Introduction#
An estimated 40-80% of all bacteria and archea on earth exist in microbial biofilms. These biofilms can be roughly divided into two parts: cells, and the Extracellular Polymeric Substances (EPS) that surround them. The EPS matrix is mainly composed exoPolySaccharides (exoPS), proteins and nucleic acids. This matrix is a core attribute of biofilms, and provides the microbial community with many benefits including adhesion, water retention, toxin adsorption and nutrient capture. EPS is also used by microbial community members as a shared carbon and energy reservoir.
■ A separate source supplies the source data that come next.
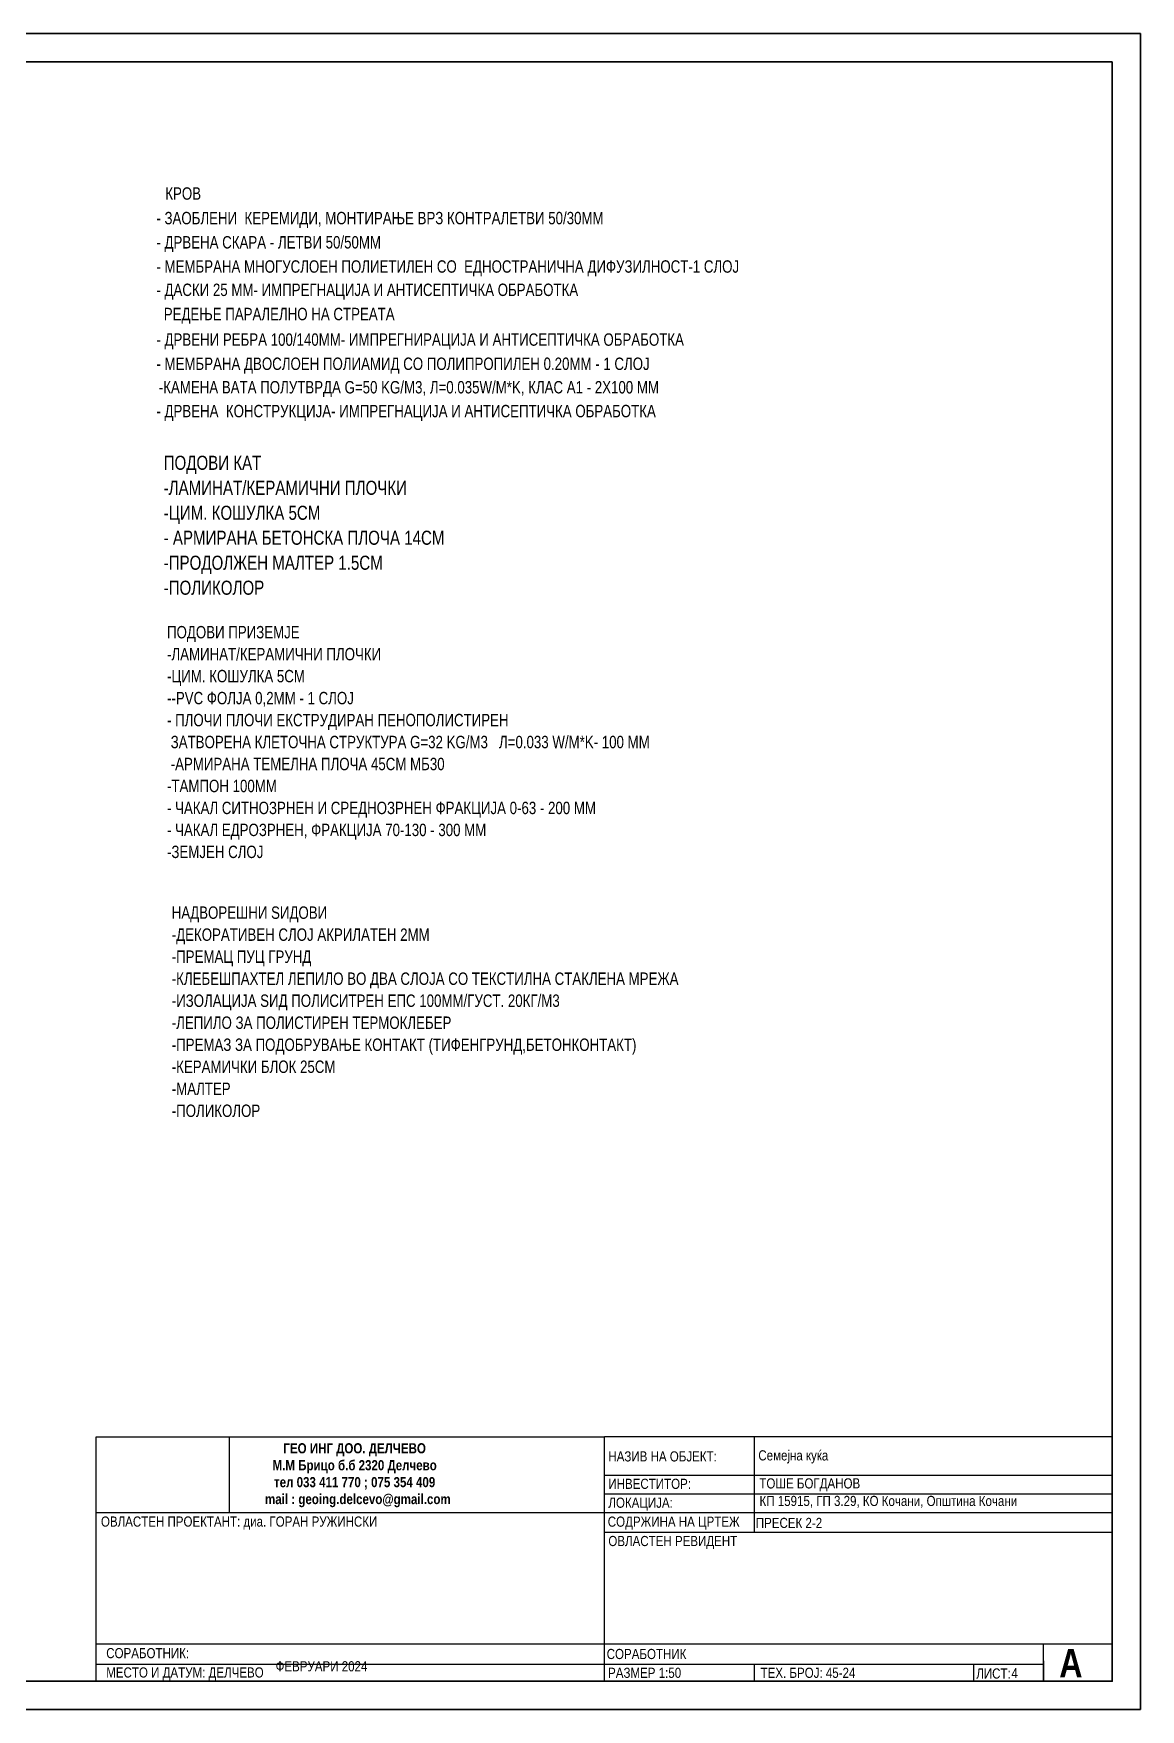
# Model space of a CAD drawing. Extents: x -1929 to 256751, y -18317 to 36108.
# Drawn here: x 134265 to 144077, y 2225 to 17075 of the extents above; entities that cross this region are included whole.
import ezdxf

# ---------------------------------------------------------------- set-up
doc = ezdxf.new("R2010")
doc.units = 0
doc.header["$LTSCALE"] = 5
doc.header["$MEASUREMENT"] = 0
doc.layers.add('4 _ - Фрагмент - Разрез.2D Elements', color=7, linetype='Continuous')
for name, color, linetype, lineweight in [('41', 7, 'Continuous', 35), ('46', 9, 'Continuous', 35), ('7', 7, 'Continuous', 25)]:
    doc.layers.add(name, color=color, linetype=linetype, lineweight=lineweight)
doc.styles.add('GENERATED_STYLE_4', font='arial.ttf')
doc.styles.add('GENERATED_STYLE_5', font='arialbd.ttf')
doc.styles.add('GENERATED_STYLE_6', font='Cambria Math.ttf')

msp = doc.modelspace()

# ---------------------------------------------------------------- linework, layer by layer
at = {"layer": '41', "color": 7, "linetype": 'Continuous', "lineweight": 35, "ltscale": 0.1, "flags": 128}
for points in [[(144077.5, 17075.4), (123077.5, 17075.4), (123077.5, 2225.4), (144077.5, 2225.4)], [(143827.5, 16825.4), (124327.5, 16825.4), (124327.5, 2475.4), (143827.5, 2475.4)]]:
    msp.add_lwpolyline(points, close=True, dxfattribs=at)
at = {"layer": '7', "color": 7, "linetype": 'Continuous', "lineweight": 25}
for p, q in [((143820.8, 4642.6), (139326.3, 4642.6)), ((139326.3, 2475.4), (139326.3, 4642.6)), ((139326.3, 3796.5), (143820.8, 3796.5)), ((140654.3, 2627.1), (140654.3, 2475.4)), ((142598.2, 2627.1), (142598.2, 2475.4))]:
    msp.add_line(p, q, dxfattribs=at)
at = {"layer": '7', "color": 7, "linetype": 'Continuous', "lineweight": 25, "flags": 128}
for points in [[(134820.8, 4642.6), (139326.3, 4642.6)], [(134820.8, 2475.4), (134820.8, 4642.6), (139326.3, 4642.6)], [(135999.6, 4642.6), (135999.6, 3975.1)], [(140654.3, 4642.6), (140654.3, 3796.5)], [(139326.3, 4301.8), (143820.8, 4301.8)], [(139326.3, 4136.8), (143820.8, 4136.8)], [(134820.8, 3971.8), (139326.3, 3971.8)], [(139326.3, 3971.8), (143820.8, 3971.8)], [(134820.8, 2807.6), (143820.8, 2807.6)], [(143217.7, 2657.6), (143217.7, 2475.4), (143217.7, 2807.6)], [(134820.8, 2627.1), (143217.7, 2627.1)], [(134820.8, 2475.4), (143820.8, 2475.4)]]:
    msp.add_lwpolyline(points, dxfattribs=at)

# ---------------------------------------------------------------- texts
at = {"layer": '4 _ - Фрагмент - Разрез.2D Elements', "linetype": 'Continuous', "lineweight": 35, "char_height": 90}
for s, insert, attachment_point, style in [('\\A1;\\pxqc;{\\fCentury Gothic|b1|i0|c204|p34;\\W0.85;ГЕО ИНГ ДОО. ДЕЛЧЕВО\\PМ.М Брицо б.б 2320 Делчево \\Pтел 033 411 770 ; 075 354 409 \\P  mail : geoing.delcevo@gmail.com}', (137111.8, 4300.9), 5, 'GENERATED_STYLE_5'), ('\\A1;{\\W0.850000x;\\pql;\\fCentury Gothic|b0|i0|c204|p34;КП 15915, ГП 3.29, КО Кочани, Општина Кочани\\P\\pql;\\fCentury Gothic|b0|i0|c204|p34;}', (140700.5, 4064.8), 4, 'GENERATED_STYLE_4'), ('\\A1;{\\W0.850000x;\\pql;\\fCentury Gothic|b0|i0|c204|p34;ОВЛАСТЕН РЕВИДЕНТ\\P\\pqc;\\fCentury Gothic|b0|i0|c204|p34;}', (139360.8, 3705), 4, 'GENERATED_STYLE_4')]:
    msp.add_mtext(s, dxfattribs=dict(at, insert=insert, attachment_point=attachment_point, style=style))
at = {"layer": '41', "color": 7, "linetype": 'Continuous', "lineweight": 35, "char_height": 90, "attachment_point": 4, "style": 'GENERATED_STYLE_4'}
for s, insert in [('\\A1;{\\W0.850000x;\\pql;\\fCentury Gothic|b0|i0|c204|p34;НАЗИВ НА ОБЈЕКТ:}', (139360.8, 4467.2)), ('\\A1;{\\W0.850000x;\\pql;\\fCentury Gothic|b0|i0|c204|p34;Семејна куќа}', (140690.1, 4463.4)), ('\\A1;{\\W0.850000x;\\pql;\\fCentury Gothic|b0|i0|c204|p34;ИНВЕСТИТОР:}', (139360.8, 4224.2)), ('\\A1;{\\W0.850000x;\\pql;\\fCentury Gothic|b0|i0|c204|p34;ТОШЕ БОГДАНОВ}', (140699.3, 4215.5)), ('\\A1;{\\W0.850000x;\\pql;\\fCentury Gothic|b0|i0|c204|p34;ЛОКАЦИЈА:}', (139360.8, 4044.4)), ('\\A1;{\\W0.850000x;\\pql;\\fCentury Gothic|b0|i0|c204|p34;ОВЛАСТЕН ПРОЕКТАНТ: диа. \\fCentury Gothic|b0|i0|c204|p34;ГОРАН РУЖИНСКИ}', (134863, 3877.5)), ('\\A1;{\\W0.850000x;\\pql;\\fCentury Gothic|b0|i0|c204|p34;СОДРЖИНА НА ЦРТЕЖ}', (139355.5, 3876.6)), ('\\A1;{\\W0.850000x;\\pql;\\fCentury Gothic|b0|i0|c204|p34;СОРАБОТНИК:}', (134909.9, 2724)), ('\\A1;{\\W0.850000x;\\pql;\\fCentury Gothic|b0|i0|c204|p34;СОРАБОТНИК}', (139346.1, 2716.4)), ('\\A1;{\\W0.850000x;\\pql;\\fCentury Gothic|b0|i0|c204|p34;МЕСТО И ДАТУМ: ДЕЛЧЕВО}', (134909.9, 2540.3)), ('\\A1;{\\W0.850000x;\\pql;\\fCentury Gothic|b0|i0|c204|p34;ФЕВРУАРИ 2024\\P\\pql;\\fCentury Gothic|b0|i0|c204|p34;}', (136411.4, 2607.6)), ('\\A1;{\\W0.850000x;\\pql;\\fCentury Gothic|b0|i0|c204|p34;РАЗМЕР 1:50}', (139358.5, 2549.7)), ('\\A1;{\\W0.850000x;\\pql;\\fCentury Gothic|b0|i0|c204|p34;ТЕХ. БРОЈ: \\fCentury Gothic|b0|i0|c204|p34;45-24}', (140709.9, 2549.7)), ('\\A1;{\\W0.850000x;\\pql;\\fCentury Gothic|b0|i0|c204|p34;ЛИСТ: }', (142621.7, 2543.5))]:
    msp.add_mtext(s, dxfattribs=dict(at, insert=insert))
at = {"layer": '46', "color": 254, "linetype": 'Continuous', "lineweight": 35, "attachment_point": 4}
for s, insert, char_height, style in [('\\A1;{\\W0.850000x;\\pql;\\fCentury Gothic|b0|i0|c204|p34;ПРЕСЕК \\fCentury Gothic|b0|i0|c204|p34;2-2}', (140667.8, 3877.6), 90, 'GENERATED_STYLE_4'), ('\\A1;{\\W0.850000x;\\pql;\\fCentury Gothic|b1|i0|c204|p34;А}', (143357.9, 2636.5), 250, 'GENERATED_STYLE_5'), ('\\A1;{\\W0.850000x;\\pql;\\fCentury Gothic|b0|i0|c204|p34;4}', (142933.9, 2547.9), 90, 'GENERATED_STYLE_4')]:
    msp.add_mtext(s, dxfattribs=dict(at, insert=insert, char_height=char_height, style=style))
at = {"layer": '7', "color": 7, "linetype": 'Continuous', "lineweight": 25, "attachment_point": 7}
for s, insert, char_height, style in [('\\A1;{\\W0.800000x;\\pql;\\fCentury Gothic|b0|i0|c0|p34;КРОВ}', (135433.4, 15601.2), 110, 'GENERATED_STYLE_6'), ('\\A1;{\\W0.800000x;\\pql;\\fCentury Gothic|b0|i0|c0|p34;- ЗАОБЛЕНИ  КЕРЕМИДИ, МОНТИРАЊЕ \\fCentury Gothic|b0|i0|c0|p34;ВРЗ\\fCentury Gothic|b0|i0|c0|p34; КОНТРАЛЕТВИ 50/30ММ }', (135354.6, 15353.1), 110.0001, 'GENERATED_STYLE_6'), ('\\A1;{\\W0.800000x;\\pql;\\fCentury Gothic|b0|i0|c0|p34;- ДРВЕНА СКАРА \\fCentury Gothic|b0|i0|c0|p34;- \\fCentury Gothic|b0|i0|c0|p34;ЛЕТВИ 50/50ММ }', (135354.6, 15138.6), 110.0001, 'GENERATED_STYLE_6'), ('\\A1;{\\W0.800000x;\\pql;\\fCentury Gothic|b0|i0|c0|p34;- МЕМБРАНА МНОГУСЛОЕН ПОЛИЕТИЛЕН СО  ЕДНОСТРАНИЧНА ДИФУЗИ\\fCentury Gothic|b0|i0|c0|p34;ЛНОСТ\\fCentury Gothic|b0|i0|c0|p34;-1 СЛОЈ}', (135354.6, 14924.1), 110.0001, 'GENERATED_STYLE_6'), ('\\A1;{\\W0.800000x;\\pql;\\fCentury Gothic|b0|i0|c0|p34;- ДАС\\fCentury Gothic|b0|i0|c0|p34;К\\fCentury Gothic|b0|i0|c0|p34;И 25 ММ- ИМПРЕГНАЦИЈА И АНТИСЕПТИЧКА ОБРАБОТКА}', (135354.6, 14717.6), 110.0001, 'GENERATED_STYLE_6'), ('\\A1;{\\W0.800000x;\\pql;\\fCentury Gothic|b0|i0|c0|p34;  РЕДЕ\\fCentury Gothic|b0|i0|c0|p34;Њ\\fCentury Gothic|b0|i0|c0|p34;Е ПАРАЛЕЛНО НА СТРЕАТА }', (135354.6, 14503.1), 110.0001, 'GENERATED_STYLE_6'), ('\\A1;{\\W0.800000x;\\pql;\\fCentury Gothic|b0|i0|c0|p34;- Д\\fCentury Gothic|b0|i0|c0|p34;РВЕНИ\\fCentury Gothic|b0|i0|c0|p34; РЕБРА 100/140ММ- ИМПРЕГНИРА\\fCentury Gothic|b0|i0|c0|p34;ЦИЈА\\fCentury Gothic|b0|i0|c0|p34; И АНТИСЕПТИЧ\\fCentury Gothic|b0|i0|c0|p34;К\\fCentury Gothic|b0|i0|c0|p34;А ОБРАБОТКА}', (135354.6, 14276.8), 110.0001, 'GENERATED_STYLE_6'), ('\\A1;{\\W0.800000x;\\pql;\\fCentury Gothic|b0|i0|c0|p34;- МЕМБРАНА ДВ\\fCentury Gothic|b0|i0|c0|p34;О\\fCentury Gothic|b0|i0|c0|p34;СЛОЕН ПОЛИАМИД С\\fCentury Gothic|b0|i0|c0|p34;О\\fCentury Gothic|b0|i0|c0|p34; ПОЛИПРОПИЛЕН 0.20ММ - 1 \\fCentury Gothic|b0|i0|c0|p34;СЛОЈ}', (135354.6, 14062.3), 110.0001, 'GENERATED_STYLE_6'), ('\\A1;{\\W0.800000x;\\pql;\\fCentury Gothic|b0|i0|c204|p34;-\\fCentury Gothic|b0|i0|c204|p34;КАМЕНА \\fCentury Gothic|b0|i0|c204|p34;ВАТА ПОЛУТ\\fCentury Gothic|b0|i0|c204|p34;ВРДА\\fCentury Gothic|b0|i0|c204|p34; G=50 KG/M3, Л=0.035W/М*K, КЛАС А1 - 2X100 MM}', (135375.9, 13854.4), 110.0001, 'GENERATED_STYLE_4'), ('\\A1;{\\W0.800000x;\\pql;\\fCentury Gothic|b0|i0|c0|p34;- ДРВЕНА  КОНСТРУКЦИЈА- ИМПРЕГНАЦИЈА И АНТИСЕПТИЧ\\fCentury Gothic|b0|i0|c0|p34;К\\fCentury Gothic|b0|i0|c0|p34;А ОБРАБОТКА}', (135354.6, 13643.2), 110.0001, 'GENERATED_STYLE_6')]:
    msp.add_mtext(s, dxfattribs=dict(at, insert=insert, char_height=char_height, style=style))
at = {"layer": '7', "color": 7, "linetype": 'Continuous', "lineweight": 25, "attachment_point": 7, "style": 'GENERATED_STYLE_6'}
for s, insert, char_height, line_spacing_factor in [('\\A1;{\\W0.800000x;\\pql;\\fCentury Gothic|b0|i0|c0|p34;ПОДОВИ КАТ\\P\\pql;\\fCentury Gothic|b0|i0|c0|p34;-ЛАМИНАТ/КЕРАМИЧНИ ПЛОЧКИ\\P\\pql;\\fCentury Gothic|b0|i0|c0|p34;-ЦИМ. КОШУЛКА 5СМ\\P\\pql;\\fCentury Gothic|b0|i0|c0|p34;- АРМИРАНА БЕТОНСКА ПЛОЧА 14СМ\\P\\pql;\\fCentury Gothic|b0|i0|c0|p34;-ПРОДОЛЖЕН МАЛТЕР 1.5СМ\\P\\pql;\\fCentury Gothic|b0|i0|c0|p34;-ПОЛИКОЛОР}', (135419, 12100.5), 125, 1.062469), ('\\A1;{\\W0.800000x;\\pql;\\fCentury Gothic|b0|i0|c0|p34;ПОДОВИ ПРИЗЕМЈЕ\\P\\pql;\\fCentury Gothic|b0|i0|c0|p34;-ЛАМИНАТ/КЕРАМИЧНИ ПЛОЧКИ\\P\\pql;\\fCentury Gothic|b0|i0|c0|p34;-ЦИМ. КОШУЛКА 5СМ\\P\\pql;\\fCentury Gothic|b0|i0|c0|p34;--PVC ФОЛJA 0,2ММ - 1 СЛОЈ\\P\\pql;\\fCentury Gothic|b0|i0|c0|p34;- ПЛОЧИ \\fCentury Gothic|b0|i0|c0|p34;\\c2829099;ПЛОЧИ ЕКСТРУДИРАН ПЕНОПОЛИСТИРЕН\\P\\pql;\\fCentury Gothic|b0|i0|c0|p34; ЗАТВОРЕНА КЛЕТOЧНА СТРУКТУРА G=32 KG/М3   Л=0.033 W/M*K- 100 ММ\\P\\pql;\\fCentury Gothic|b0|i0|c0|p34;\\C7; -АРМИРАНА TEМЕЛНА ПЛОЧА 45СМ МБ30\\P\\pql;\\fCentury Gothic|b0|i0|c0|p34;-ТАМПОН 100ММ\\P\\pql;\\fCentury Gothic|b0|i0|c0|p34;\\c2829099;-\\fCentury Gothic|b0|i0|c0|p34;\\C7; ЧАКАЛ СИТНОЗРНЕН И СРЕДНОЗРНЕН ФРАКЦИЈА 0-63 - 200 ММ\\P\\pql;\\fCentury Gothic|b0|i0|c0|p34;- ЧАКАЛ ЕДРОЗРНЕН, ФРАКЦИЈА 70-130 - 300 ММ\\P\\pql;\\fCentury Gothic|b0|i0|c0|p34;-ЗЕМЈЕН СЛОЈ}', (135448.7, 9767.8), 110.0001, 1.061514), ('\\A1;{\\W0.800000x;\\pql;\\fCentury Gothic|b0|i0|c0|p34;НАДВОРЕШНИ ЅИДОВИ\\P\\pql;\\fCentury Gothic|b0|i0|c0|p34;-ДЕКОРАТИ\\fCentury Gothic|b0|i0|c0|p34;В\\fCentury Gothic|b0|i0|c0|p34;ЕН СЛОЈ АКРИЛАТЕН 2ММ\\P\\pql;\\fCentury Gothic|b0|i0|c0|p34;-ПРЕМАЦ ПУЦ ГРУНД\\P\\pql;\\fCentury Gothic|b0|i0|c0|p34;-КЛЕБЕШПАХТЕЛ ЛЕПИЛО ВО ДВА СЛОЈА СО ТЕКСТИЛНА СТАКЛЕНА МРЕЖА\\P\\pql;\\fCentury Gothic|b0|i0|c0|p34;-ИЗОЛАЦИЈА ЅИД ПОЛИСИТРЕН ЕПС 100ММ/ГУСТ. 20КГ/М3\\P\\pql;\\fCentury Gothic|b0|i0|c0|p34;-ЛЕПИЛО ЗА ПОЛИСТИРЕН ТЕРМОКЛЕБЕР\\P\\pql;\\fCentury Gothic|b0|i0|c0|p34;-ПРЕМАЗ ЗА ПОДОБРУВАЊЕ КОНТАКТ (ТИФЕНГРУНД,БЕТОНКОНТАКТ)\\P\\pql;\\fCentury Gothic|b0|i0|c0|p34;-КЕРАМИЧКИ БЛОК 25СМ\\P\\pql;\\fCentury Gothic|b0|i0|c0|p34;-МАЛТЕР\\P\\pql;\\fCentury Gothic|b0|i0|c0|p34;-ПОЛИКОЛОР }', (135490.6, 7473.8), 110.0001, 1.063789)]:
    msp.add_mtext(s, dxfattribs=dict(at, insert=insert, char_height=char_height, line_spacing_factor=line_spacing_factor))

doc.saveas('drawing.dxf')

Due to the ubiquity of biofilms (and by extension EPS), their roles in natural and built environments are too numerous to name here. Suffice to say that any research into microbial communities would likely benefit from knowledge about which EPS the community produces.
The genes encoding the biosynthetic pathways responsible for exoPS production cluster together into Biosynthetic Gene Clusters (BGCs) in the microbial genome. This has been exploited by the current version of epsSMASH, currently the most comprehensive tool for detecting known and novel exoPS BGCs. epsSMASH is built on the antiSMASH framework, leveraging custom-made Hidden Markov Models (HMMs) for genes specific for certain types of gene clusters. In future versions we aim to include detection modules for the remaining EPS components (proteins and nucleic acids).